Terkait bom di Paris yang tengah menjadi perbincangan hangat pekan ini di seluruh belahan dunia, itu merupakan Fenomena Comte. Dapat diartikan dari sisi filsafat sebagai dialog antara struktur yang berdimensi, yaitu tradisional dan tribal versus powernow. Dimana kaum Tradisional menyerang universal value yang ditetpkan oleh powernow.
Saya yang berfilsafat adalah merefleksikan seperti anda. Kita yang merefleksikan itu tidak melakukannya, namun yang melakukan tidak akan mampu merefleksikannya. Sama halnya seperti orang kesurupan, ia kesurupan namun tak bisa memikirkannya. Sedangkan kita yang bisa memikirkannya tidak akan bisa kesurupan, karena kita sedang berpikir. Maka orang kesurupan itu tidak sadar. Oleh karena itu, agar dia sadar adalah tarik intuisinya ke atas. Cara menarik intuisinya ke atas yaitu dengan obat-obatan, musik, gerakan-gerakan reflek yang terus menerus rutin. Maka tetesan air setelah hujan yang terus menerus dapat menarik intuisi kita, jadi tidak ada apa-apa terasa takut hanya karena mendengar tetesan air tersebut.

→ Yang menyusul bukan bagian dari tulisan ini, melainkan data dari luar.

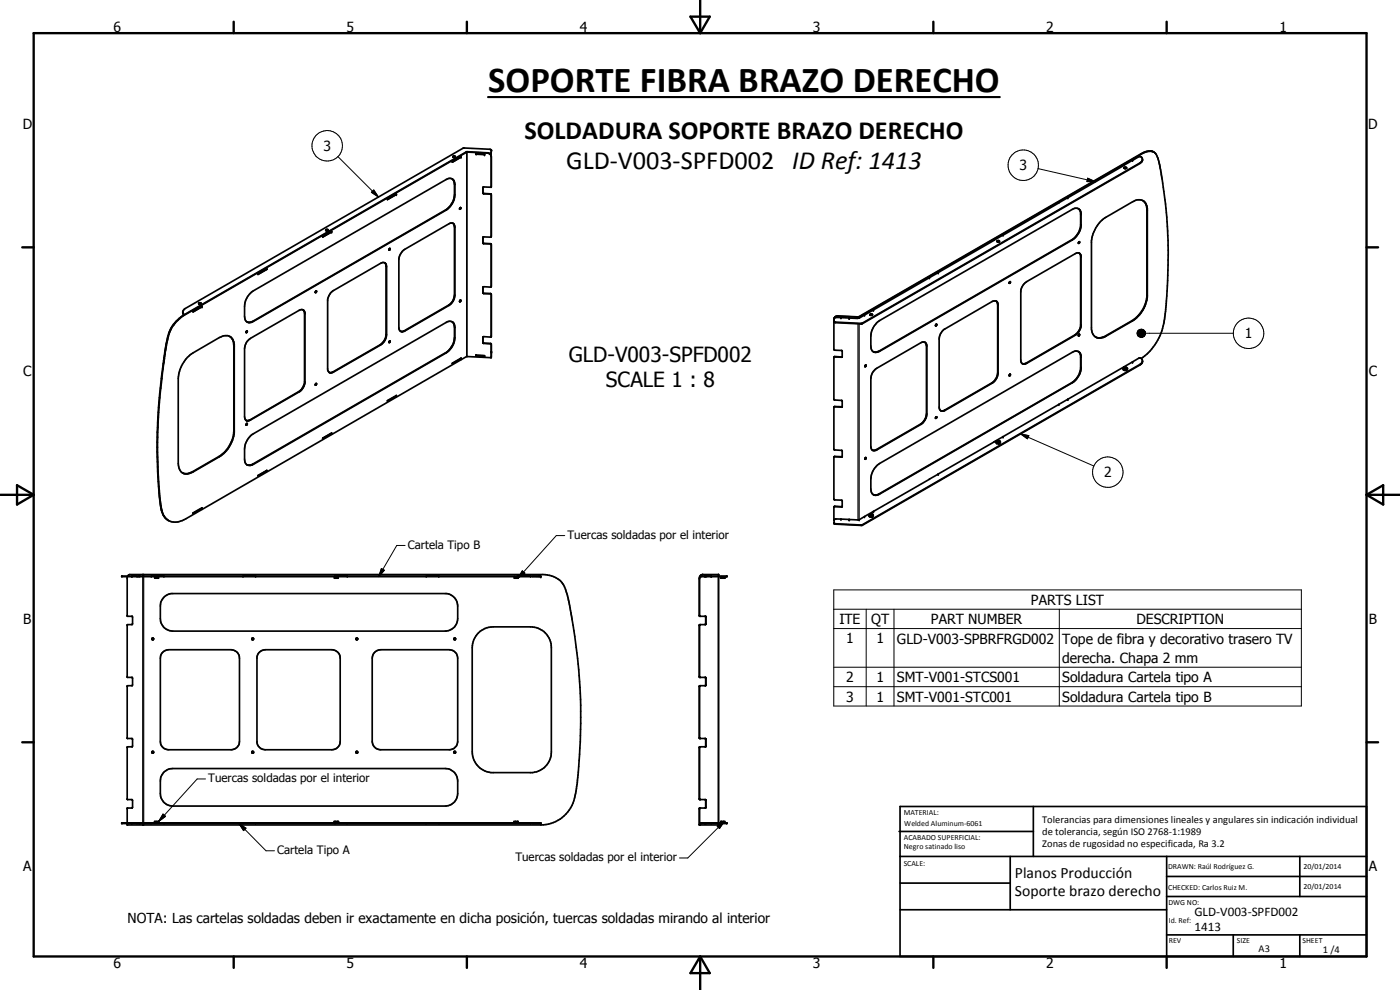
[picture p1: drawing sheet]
<svg xmlns="http://www.w3.org/2000/svg" width="420mm" height="297mm" viewBox="0 0 420 297" stroke-linecap="round" stroke-linejoin="round" font-family="sans-serif">
<g fill="none" stroke="#000" stroke-width=".51">
<path d="M116.3 59.7l2.6-1.5zM135.7 53.6l.6 1 .1 3.8a5.8 5.8 0 0 1-2.7 4.6l-57.8 33.4-1.3 .3-.5-.1M135.8 48.5l2.6-1.5-2.6 1.7zM135.9 47.1l.2-.3 .5 .1v.2M135.9 47.1h.7M135.9 47.1l.2 .1M136.1 47.2l.1-.1 .3 .1M136.6 47.1l-.5 .1M138.4 47.1l-2.6 1.5M142.8 46.1l2.6 .3-2.6-.1zM142.8 46.2h.1M142.9 46.1v.2"/>
<path d="M144.9 57.8l.2 .2 2.3 .3v12.7l-.1 .2h-2.4l.1 1.9 2.2 .1 .2 .2M145.3 46.2v.1M147.1 46.2l-.6-.4-6.6-.2-84.7 48.9M147.1 46.2l.3 .4M147.2 46.4l-1-.5-6.2-.2-84.7 48.9-1.4 1-1.7 1.8M147.2 46.3l.3-1.3-.5-.2-8.1-.3-83.3 48.1-.7 .7v.7M147.4 46.5v.5M147.4 46.7v9.3M147.4 56l-.1 .2h-2.4l.1 1.9 2.2 .2 .2 .2M147.5 45.1l-.1 .9-.3 .2M337.4 50.5l.3-.2 .4 .2M337.4 50.5l.2-.3h.4l.1 .3"/>
<path d="M337.4 50.5h.1M337.5 50.5h.4M338.1 50.5h-.6M342.9 48l-.7 1-83.4 48.1-8.1-.3-.4-.2M345.5 45.3l-1.3 .1-1.8 .7-84.7 48.9-6.4-.2-.8 .4M345.5 45.3a3.4 3.4 0 0 1 2.3 3.2l1 5.2a154.4 154.4 0 0 1 1.1 38.6 19.2 19.2 0 0 1-6.8 14.9l-.6 .4M345.5 45.3l.1 .1M345.6 45.4l-1.2 .1-1.9 .7-84.7 48.9-6.3-.2-.9 .2-.3 1.3v8.4l.2 .3 2.1 .1 .2 1.9h-2.4l-.1 .2M345.6 45.4l.3 .1M345.9 45.4l.4 .2M96.8 71l2.7-1.6-2.7 1.7zM97.8 69.1h.7"/>
<path d="M97.9 68.9h.5l.1 .2-.6 .1zM97.9 69.2h.4M115.4 78.8l-1.2 .2-14.1 8.2a4.1 4.1 0 0 0-1.8 2.7v21l.7 .9M115.4 78.8l.5 .8v21a4.1 4.1 0 0 1-1.8 2.8l-14.1 8.1-1 .3M115.4 78.8l.5 .4 .1 .8v20.4a4.1 4.1 0 0 1-1.8 3.1l-14.1 8.1-1.1 .2M117 74.5l-.3 .5M117 74.5v.4h-.3M117 74.5l-.3 .4M120.7 75.4l.8-.6 13.2-7.7a.99 .99 0 0 1 1.2-.1 .99 .99 0 0 1 .5 1.1v20.4a3.7 3.7 0 0 1-1.8 3.1l-13.2 7.6-.8 .3a.94 .94 0 0 1-.9-.9v-21l.3-1zM135.9 67l.4 .4 .2 .8v20.7a3.8 3.8 0 0 1-1.8 2.8l-13.2 7.6-.9 .2M138 62.7h-.1M138.2 62.3l-.2 .4"/>
<path d="M138.2 62.3v.4h-.2M144.9 72.8l.3 .2 2.2 .2v12.8l-.1 .1h-2.4l.1 1.9 2.2 .2 .2 .2M299.2 72.3l.6-.1 .2 .2-.5 .2zM299.2 72.5l.4-.2 .3 .2M299.4 72.5v.1M299.4 72.5h.4M299.8 72.5v.1M317.8 60.8l23.9-13.8a.86 .86 0 0 1 1.1 .4 .86 .86 0 0 1-.2 1.1l-83.9 48.5-8.1-.4-.3-.2M317.8 60.8v.1M317.8 60.9l-60 34.6M323.6 62.6l.8 1.1v4.1a5.8 5.8 0 0 1-2.6 4.2l-57.8 33.4a1.62 1.62 0 0 1-1.9 .2 1.62 1.62 0 0 1-.7-1.8v-3a5.9 5.9 0 0 1 2.6-4.6l57.8-33.4 .9-.3 1.1 .2M323.8 62.8l.5 1.1v3.8a6 6 0 0 1-2.6 4.2l-57.8 33.4-1 .4-.8-.2"/>
<path d="M323.9 72.5l-.3 .4M323.9 72.5h.1M323.9 75.9l.3 .3M323.9 72.5v.5l-.3-.1M324.2 76.2l.2 .6-.1 21.7a3.8 3.8 0 0 1-1.6 2.1l-14.6 8.4-.7 .3-.6-.2M324.2 76.2l.1 21.5a3.9 3.9 0 0 1-1.7 2.8l-14.6 8.4-1.2 .2M324.2 76.2a.99 .99 0 0 0-1.5-.1l-14.6 8.4a4 4 0 0 0-1.7 2.8v20.9l.4 .9M343 60.2l.7 .8 .5 1.5v26.5a9.8 9.8 0 0 1-4.4 7.2l-8.4 4.8-1.9 .3M52.1 97.3a19.7 19.7 0 0 0-2.7 9l-1.7 14.5a166.1 166.1 0 0 0 0 27.1l.8 5.3M52.1 97.3l.1 .1M52.2 97.4a12.8 12.8 0 0 0-2.4 6.9l-.5 3.3a163.5 163.5 0 0 0-1.1 43.1l.4 2.6M54.9 94l.3 .5"/>
<path d="M54.9 94l.4 .4M55.2 94.5l-1.4 1-1.7 1.8M55.3 94.4h.1M57.9 93.4l2.7-1.5-2.7 1.7zM59.6 91.1h.8M59.6 91.1l.4 .2 .4-.2M59.6 91.1l.2-.3 .6 .3M60.1 91.1l-.3 .1M60.1 91.1l.1 .1M60.2 91.2h.1M60.6 92l-2.7 1.6M73.9 99.4h.3l-.2 .4z"/>
<path d="M74.1 99.3l-.2 .4M74.8 88.3l1.3-1.1 57.7-33.3a1.62 1.62 0 0 1 1.9-.2 1.62 1.62 0 0 1 .8 1.7v3.1a5.9 5.9 0 0 1-2.7 4.6l-57.7 33.3a1.62 1.62 0 0 1-1.9 .2 1.62 1.62 0 0 1-.8-1.7v-3a5.6 5.6 0 0 1 1.4-3.6zM77.4 82.2l2.6-1.6 .1 .2-2.7 1.5zM80 80.8h.1M90.9 93l-1.2 .1-14.5 8.4a3.8 3.8 0 0 0-1.8 3.1v20.4l.4 1.1M90.9 93h.2M91 93l.5 .9v21.3a3.9 3.9 0 0 1-1.8 2.4l-14.5 8.4-.7 .3-.7-.2M91.1 93.1l.3 .7v21a4.2 4.2 0 0 1-1.8 2.7l-14.6 8.5-1.1 .1M94.9 87.3l-.3 .5M94.9 87.3v.4l-.3 .1M120.2 99.4h.2M135.6 96.5l.2 .1"/>
<path d="M135.9 96.7l.4 1.1 .1 3.5a5.8 5.8 0 0 1-2.7 4.5l-58.1 33.6-.6 .2-.9-.2M137.9 90.5h.1M138.2 90l-.2 .5M138.2 90v.4l-.2 .1M144.9 87.8l.3 .2 2.2 .2v12.8M250.5 95.3l-.2 .4M250.5 95.2l-.2 1M250.5 95.3h1.8M252.4 95.3l5.1 .2M261.1 94.5h.7M261.1 94.5l.3-.3 .4 .3M261.1 94.5l.5 .1"/>
<path d="M261.3 94.6l.1-.2 .3 .2M261.8 94.5l-.2 .1M281 97.3l.1 .4h-.4M281 97.3l-.3 .4M298.9 90.3l-1.1 .2-14.2 8.2a3.9 3.9 0 0 0-1.8 3v20.4l.3 1 .5 .3M298.9 90.3l.5 .4 .1 .8v20.4a4.2 4.2 0 0 1-1.7 3.1l-14.2 8.1-.5 .3-.8-.2M298.9 90.3l.5 1.1v20.4a3.8 3.8 0 0 1-1.8 3.1l-14.1 8.2-.8 .2M302.9 84.7l.3-.2 .1 .2-.3 .3zM303.1 84.5l-.3 .5M56.2 107.2l1.7-1.3 8-4.6a2.69 2.69 0 0 1 2.9-.4 2.69 2.69 0 0 1 1.5 2.5v26.5a10.1 10.1 0 0 1-4.4 7.1l-8 4.6a2.72 2.72 0 0 1-3.1 .3 2.72 2.72 0 0 1-1.3-2.8v-25.6a10.1 10.1 0 0 1 2.7-6.3zM68.9 101a2.91 2.91 0 0 1 1.3 2.8v25.5a9.8 9.8 0 0 1-4.5 7.6l-7.9 4.6-1.3 .5-1.1 .1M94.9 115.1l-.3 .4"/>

Pengalaman spiritual itu naik turun, terkadang karena kesibukan intensitas doa berkurang, semangat berkurang. Maka istiqomahlah, karena komunikasi tidak hanya mata, namun bisa dengan perasaan, intuisi, dll.

Demikian refleksi dari perkuliahan Filsafat Ilmu pertemuan ke-9 (Bagian 2). Semoga kita dapat mengambil hikmah dari apa yang telah dipelajari dan bermanfaat bagi kehidupan kita. Aamiin.